TASK STATEMENT
Which lines in the records below contain the word "ezdxf"? Report each of them.
* * *
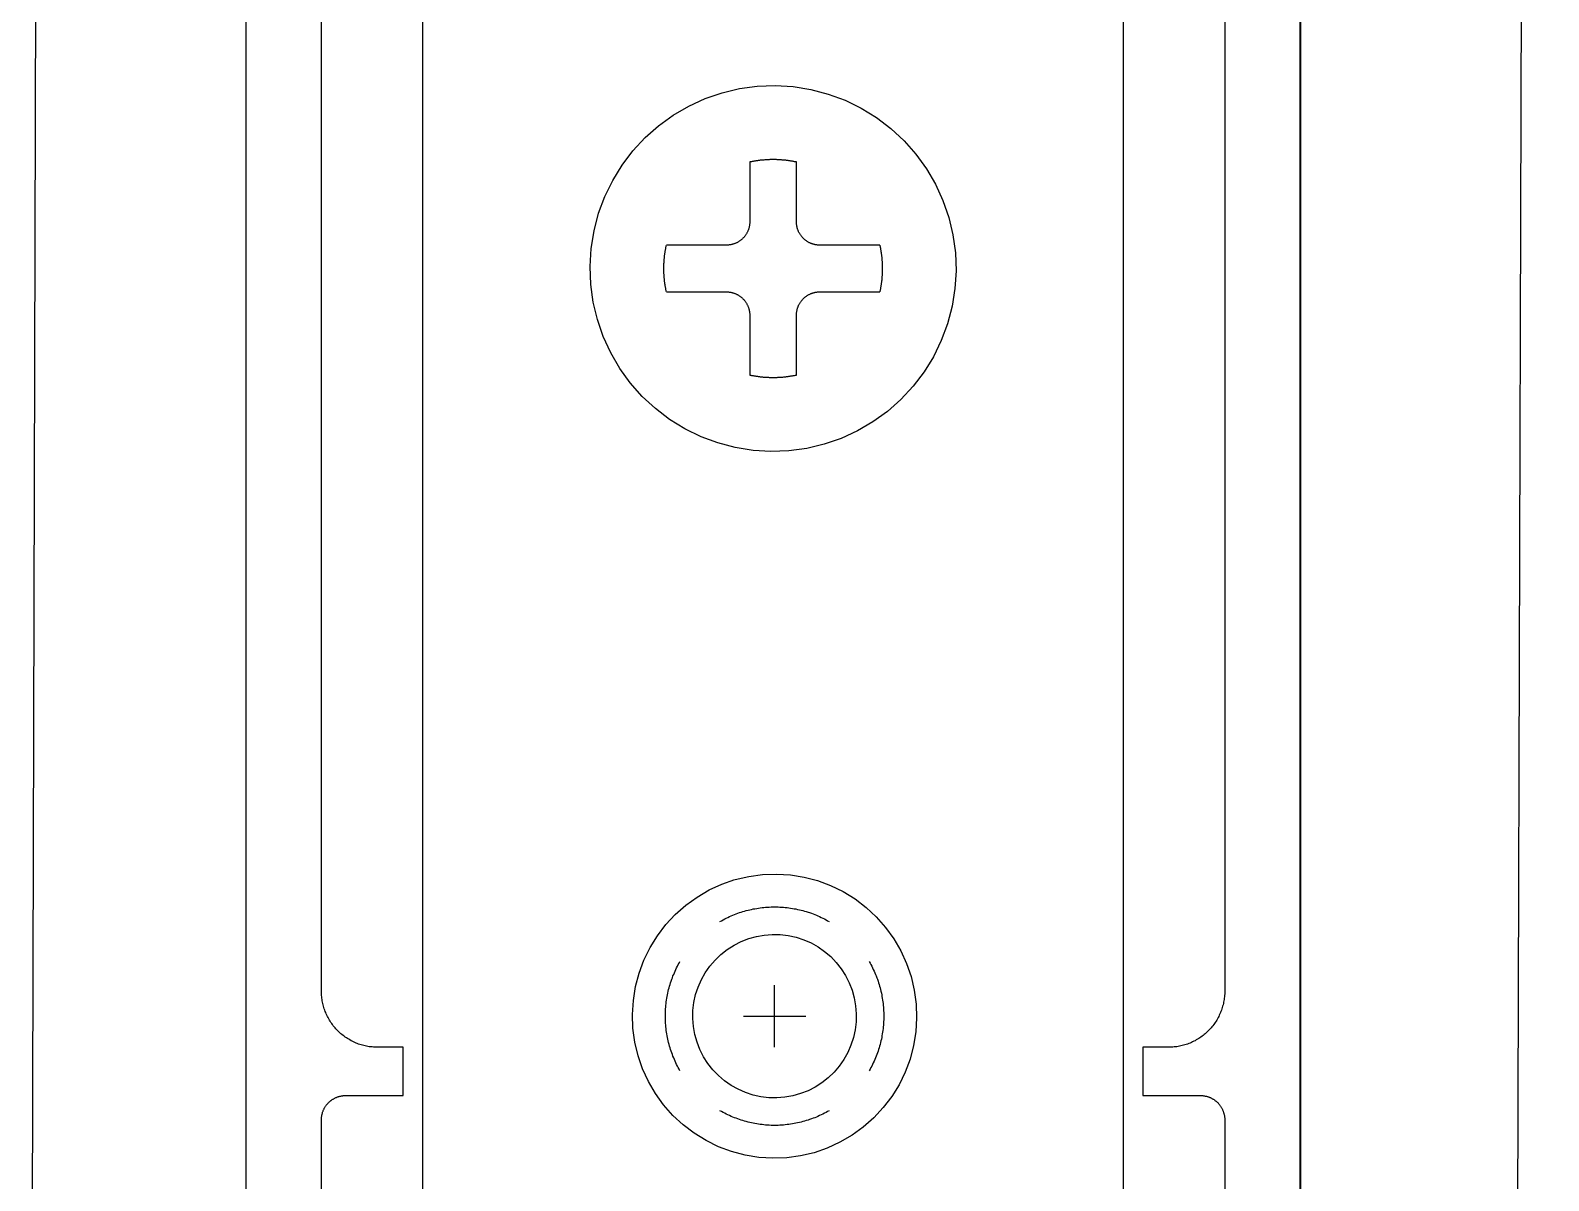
# Model space of a CAD drawing. Header units: inches. Extents: x -2661 to 42767, y -1222 to 9099.
# Drawn here: x 2278.553 to 2280.503, y 1639.371 to 1640.848 of the extents above; entities that cross this region are included whole.
import ezdxf

# ---------------------------------------------------------------- set-up
doc = ezdxf.new("R2010")
doc.units = ezdxf.units.IN
doc.header["$LTSCALE"] = 12
doc.header["$MEASUREMENT"] = 0
doc.layers.get('0').update_dxf_attribs({"linetype": 'CONTINUOUS'})
doc.layers.add('S-ARCH', color=1, linetype='CONTINUOUS')

# ---------------------------------------------------------------- blocks, each defined once
blk = doc.blocks.new('DOUBLE BOTTOM OPT1')
for p, q in [((0.1255, 1.8535), (0.1674, 16.5)), ((2.0335, 2), (2.0753, 16.5)), ((1.7567, 6.5726), (1.7567, 2)), ((0.6293, 5.4236), (0.6293, 2.8236)), ((1.5293, 2.8236), (1.5293, 5.4236)), ((1.0493, 4.1607), (1.0493, 4.0836)), ((1.1093, 4.0836), (1.1093, 4.1607)), ((1.0193, 4.0536), (0.9423, 4.0536)), ((1.2164, 4.0536), (1.1393, 4.0536)), ((0.9423, 3.9936), (1.0193, 3.9936)), ((1.1393, 3.9936), (1.2164, 3.9936)), ((1.0493, 3.9636), (1.0493, 3.8866)), ((1.1093, 3.8866), (1.1093, 3.9636)), ((1.0813, 3.0236), (1.0813, 3.1036)), ((1.0413, 3.0636), (1.1213, 3.0636))]:
    blk.add_line(p, q)
at = {"flags": 128}
for points in [[(1.6593, 4.9146), (1.6593, 3.0956), (1.6593, 3.0939), (1.6593, 3.0921), (1.6592, 3.0903), (1.659, 3.0886), (1.6588, 3.0868), (1.6586, 3.0851), (1.6583, 3.0833), (1.658, 3.0816), (1.6576, 3.0799), (1.6572, 3.0781), (1.6567, 3.0764), (1.6562, 3.0747), (1.6557, 3.0731), (1.6551, 3.0714), (1.6545, 3.0697), (1.6539, 3.0681), (1.6532, 3.0665), (1.6524, 3.0649), (1.6517, 3.0633), (1.6508, 3.0617), (1.65, 3.0601), (1.6491, 3.0586), (1.6482, 3.0571), (1.6472, 3.0556), (1.6462, 3.0542), (1.6452, 3.0527), (1.6441, 3.0513), (1.643, 3.05), (1.6419, 3.0486), (1.6407, 3.0473), (1.6395, 3.046), (1.6383, 3.0447), (1.637, 3.0435), (1.6357, 3.0423), (1.6344, 3.0411), (1.633, 3.04), (1.6316, 3.0389), (1.6302, 3.0378), (1.6288, 3.0368), (1.6274, 3.0358), (1.6259, 3.0348), (1.6244, 3.0339), (1.6228, 3.033), (1.6213, 3.0321), (1.6197, 3.0313), (1.6181, 3.0305), (1.6165, 3.0298), (1.6149, 3.0291), (1.6133, 3.0285), (1.6116, 3.0278), (1.6099, 3.0273), (1.6083, 3.0267), (1.6066, 3.0262), (1.6048, 3.0258), (1.6031, 3.0254), (1.6014, 3.025), (1.5997, 3.0247), (1.5979, 3.0244), (1.5962, 3.0242), (1.5944, 3.024), (1.5926, 3.0238), (1.5909, 3.0237), (1.5891, 3.0237), (1.5873, 3.0236), (1.5543, 3.0236), (1.5543, 2.9616), (1.6283, 2.9616), (1.6291, 2.9616), (1.6299, 2.9616), (1.6306, 2.9616), (1.6314, 2.9615), (1.6321, 2.9614), (1.6329, 2.9613), (1.6336, 2.9612), (1.6344, 2.961), (1.6351, 2.9609), (1.6359, 2.9607), (1.6366, 2.9605), (1.6373, 2.9603), (1.6381, 2.9601), (1.6388, 2.9598), (1.6395, 2.9596), (1.6402, 2.9593), (1.6409, 2.959), (1.6416, 2.9587), (1.6423, 2.9583), (1.643, 2.958), (1.6436, 2.9576), (1.6443, 2.9572), (1.6449, 2.9568), (1.6456, 2.9564), (1.6462, 2.956), (1.6468, 2.9555), (1.6474, 2.9551), (1.648, 2.9546), (1.6486, 2.9541), (1.6492, 2.9536), (1.6497, 2.9531), (1.6503, 2.9526), (1.6508, 2.952), (1.6513, 2.9515), (1.6518, 2.9509), (1.6523, 2.9503), (1.6528, 2.9497), (1.6532, 2.9491), (1.6537, 2.9485), (1.6541, 2.9479), (1.6545, 2.9472), (1.6549, 2.9466), (1.6553, 2.9459), (1.6557, 2.9453), (1.656, 2.9446), (1.6564, 2.9439), (1.6567, 2.9432), (1.657, 2.9425), (1.6573, 2.9418), (1.6575, 2.9411), (1.6578, 2.9404), (1.658, 2.9396), (1.6582, 2.9389), (1.6584, 2.9382), (1.6586, 2.9374), (1.6588, 2.9367), (1.6589, 2.9359), (1.659, 2.9352), (1.6591, 2.9344), (1.6592, 2.9337), (1.6593, 2.9329), (1.6593, 2.9322), (1.6593, 2.9314), (1.6593, 2.9306), (1.6593, 1.4636)], [(1.7563, 1.4636), (1.7563, 6.5726)], [(0.4023, 6.5726), (0.4023, 1.4636)], [(0.4993, 1.4636), (0.4993, 2.9306), (0.4994, 2.9314), (0.4994, 2.9322), (0.4994, 2.9329), (0.4995, 2.9337), (0.4996, 2.9344), (0.4997, 2.9352), (0.4998, 2.9359), (0.4999, 2.9367), (0.5001, 2.9374), (0.5003, 2.9382), (0.5005, 2.9389), (0.5007, 2.9396), (0.5009, 2.9404), (0.5012, 2.9411), (0.5014, 2.9418), (0.5017, 2.9425), (0.502, 2.9432), (0.5023, 2.9439), (0.5027, 2.9446), (0.503, 2.9453), (0.5034, 2.9459), (0.5038, 2.9466), (0.5042, 2.9472), (0.5046, 2.9479), (0.505, 2.9485), (0.5055, 2.9491), (0.5059, 2.9497), (0.5064, 2.9503), (0.5069, 2.9509), (0.5074, 2.9515), (0.5079, 2.952), (0.5084, 2.9526), (0.509, 2.9531), (0.5095, 2.9536), (0.5101, 2.9541), (0.5107, 2.9546), (0.5113, 2.9551), (0.5119, 2.9555), (0.5125, 2.956), (0.5131, 2.9564), (0.5138, 2.9568), (0.5144, 2.9572), (0.5151, 2.9576), (0.5157, 2.958), (0.5164, 2.9583), (0.5171, 2.9587), (0.5178, 2.959), (0.5185, 2.9593), (0.5192, 2.9596), (0.5199, 2.9598), (0.5206, 2.9601), (0.5214, 2.9603), (0.5221, 2.9605), (0.5228, 2.9607), (0.5236, 2.9609), (0.5243, 2.961), (0.5251, 2.9612), (0.5258, 2.9613), (0.5266, 2.9614), (0.5273, 2.9615), (0.5281, 2.9616), (0.5288, 2.9616), (0.5296, 2.9616), (0.5303, 2.9616), (0.6043, 2.9616), (0.6043, 3.0236), (0.5713, 3.0236), (0.5696, 3.0237), (0.5678, 3.0237), (0.5661, 3.0238), (0.5643, 3.024), (0.5625, 3.0242), (0.5608, 3.0244), (0.559, 3.0247), (0.5573, 3.025), (0.5556, 3.0254), (0.5539, 3.0258), (0.5521, 3.0262), (0.5504, 3.0267), (0.5488, 3.0273), (0.5471, 3.0278), (0.5454, 3.0285), (0.5438, 3.0291), (0.5422, 3.0298), (0.5406, 3.0305), (0.539, 3.0313), (0.5374, 3.0321), (0.5359, 3.033), (0.5343, 3.0339), (0.5328, 3.0348), (0.5313, 3.0358), (0.5299, 3.0368), (0.5285, 3.0378), (0.5271, 3.0389), (0.5257, 3.04), (0.5243, 3.0411), (0.523, 3.0423), (0.5217, 3.0435), (0.5204, 3.0447), (0.5192, 3.046), (0.518, 3.0473), (0.5168, 3.0486), (0.5157, 3.05), (0.5146, 3.0513), (0.5135, 3.0527), (0.5125, 3.0542), (0.5115, 3.0556), (0.5105, 3.0571), (0.5096, 3.0586), (0.5087, 3.0601), (0.5079, 3.0617), (0.507, 3.0633), (0.5063, 3.0649), (0.5055, 3.0665), (0.5048, 3.0681), (0.5042, 3.0697), (0.5036, 3.0714), (0.503, 3.0731), (0.5025, 3.0747), (0.502, 3.0764), (0.5015, 3.0781), (0.5011, 3.0799), (0.5007, 3.0816), (0.5004, 3.0833), (0.5001, 3.0851), (0.4999, 3.0868), (0.4997, 3.0886), (0.4995, 3.0903), (0.4994, 3.0921), (0.4994, 3.0939), (0.4993, 3.0956), (0.4993, 4.9146)], [(0.9711, 4.2322), (0.9921, 4.2418), (1.0139, 4.2493), (1.0363, 4.2547), (1.0591, 4.2578), (1.0822, 4.2586), (1.1052, 4.2572), (1.128, 4.2536), (1.1503, 4.2477), (1.1719, 4.2397), (1.1926, 4.2295), (1.2122, 4.2175), (1.2306, 4.2035), (1.2475, 4.1878), (1.2628, 4.1705), (1.2763, 4.1518), (1.2879, 4.1319), (1.2975, 4.111), (1.305, 4.0892), (1.3104, 4.0667), (1.3135, 4.0439), (1.3143, 4.0208), (1.3129, 3.9978), (1.3093, 3.9751), (1.3034, 3.9528), (1.2954, 3.9311), (1.2853, 3.9104), (1.2732, 3.8908), (1.2592, 3.8724), (1.2435, 3.8555), (1.2263, 3.8402), (1.2076, 3.8267), (1.1877, 3.8151), (1.1667, 3.8055), (1.1449, 3.798), (1.1225, 3.7926), (1.0996, 3.7895), (1.0766, 3.7887), (1.0536, 3.7901), (1.0308, 3.7937), (1.0085, 3.7996), (0.9869, 3.8076), (0.9662, 3.8177), (0.9465, 3.8298), (0.9282, 3.8437), (0.9113, 3.8594), (0.896, 3.8767), (0.8824, 3.8954), (0.8708, 3.9153), (0.8612, 3.9362), (0.8537, 3.958), (0.8483, 3.9805), (0.8452, 4.0033), (0.8444, 4.0264), (0.8458, 4.0494), (0.8494, 4.0721), (0.8553, 4.0945), (0.8633, 4.1161), (0.8734, 4.1368), (0.8855, 4.1564), (0.8994, 4.1748), (0.9151, 4.1917), (0.9324, 4.207), (0.951, 4.2205), (0.971, 4.2321)], [(1.0493, 4.1607), (1.0503, 4.1609), (1.0512, 4.1611), (1.0521, 4.1612), (1.0531, 4.1614), (1.054, 4.1616), (1.0549, 4.1618), (1.0558, 4.1619), (1.0568, 4.1621), (1.0577, 4.1622), (1.0586, 4.1624), (1.0596, 4.1625), (1.0605, 4.1626), (1.0614, 4.1628), (1.0624, 4.1629), (1.0633, 4.163), (1.0643, 4.1631), (1.0652, 4.1632), (1.0661, 4.1633), (1.0671, 4.1634), (1.068, 4.1634), (1.069, 4.1635), (1.0699, 4.1636), (1.0709, 4.1636), (1.0718, 4.1637), (1.0727, 4.1638), (1.0737, 4.1638), (1.0746, 4.1638), (1.0756, 4.1639), (1.0765, 4.1639), (1.0775, 4.1639), (1.0784, 4.1639), (1.0793, 4.1639), (1.0803, 4.1639), (1.0812, 4.1639), (1.0822, 4.1639), (1.0831, 4.1639), (1.0841, 4.1638), (1.085, 4.1638), (1.086, 4.1638), (1.0869, 4.1637), (1.0878, 4.1636), (1.0888, 4.1636), (1.0897, 4.1635), (1.0907, 4.1634), (1.0916, 4.1634), (1.0926, 4.1633), (1.0935, 4.1632), (1.0944, 4.1631), (1.0954, 4.163), (1.0963, 4.1629), (1.0973, 4.1628), (1.0982, 4.1626), (1.0991, 4.1625), (1.1001, 4.1624), (1.101, 4.1622), (1.1019, 4.1621), (1.1029, 4.1619), (1.1038, 4.1618), (1.1047, 4.1616), (1.1056, 4.1614), (1.1066, 4.1612), (1.1075, 4.1611), (1.1084, 4.1609), (1.1093, 4.1607)], [(1.0493, 4.0836), (1.0493, 4.0829), (1.0493, 4.0822), (1.0493, 4.0814), (1.0492, 4.0807), (1.0491, 4.08), (1.049, 4.0792), (1.0489, 4.0785), (1.0488, 4.0778), (1.0486, 4.0771), (1.0485, 4.0763), (1.0483, 4.0756), (1.0481, 4.0749), (1.0478, 4.0742), (1.0476, 4.0735), (1.0473, 4.0728), (1.0471, 4.0722), (1.0468, 4.0715), (1.0465, 4.0708), (1.0461, 4.0701), (1.0458, 4.0695), (1.0455, 4.0689), (1.0451, 4.0682), (1.0447, 4.0676), (1.0443, 4.067), (1.0439, 4.0664), (1.0434, 4.0658), (1.043, 4.0652), (1.0425, 4.0646), (1.0421, 4.064), (1.0416, 4.0635), (1.0411, 4.063), (1.0406, 4.0624), (1.04, 4.0619), (1.0395, 4.0614), (1.0389, 4.0609), (1.0384, 4.0604), (1.0378, 4.06), (1.0372, 4.0595), (1.0366, 4.0591), (1.036, 4.0587), (1.0354, 4.0583), (1.0348, 4.0579), (1.0341, 4.0575), (1.0335, 4.0572), (1.0328, 4.0568), (1.0322, 4.0565), (1.0315, 4.0562), (1.0308, 4.0559), (1.0301, 4.0556), (1.0295, 4.0554), (1.0288, 4.0552), (1.0281, 4.0549), (1.0274, 4.0547), (1.0266, 4.0545), (1.0259, 4.0544), (1.0252, 4.0542), (1.0245, 4.0541), (1.0238, 4.054), (1.023, 4.0539), (1.0223, 4.0538), (1.0216, 4.0537), (1.0208, 4.0537), (1.0201, 4.0536), (1.0193, 4.0536)], [(1.1393, 4.0536), (1.1386, 4.0536), (1.1379, 4.0537), (1.1371, 4.0537), (1.1364, 4.0538), (1.1357, 4.0539), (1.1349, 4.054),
* * *
ANSWER TO THE PROBLEM
import ezdxf
doc = ezdxf.new("R2010")
doc.units = ezdxf.units.IN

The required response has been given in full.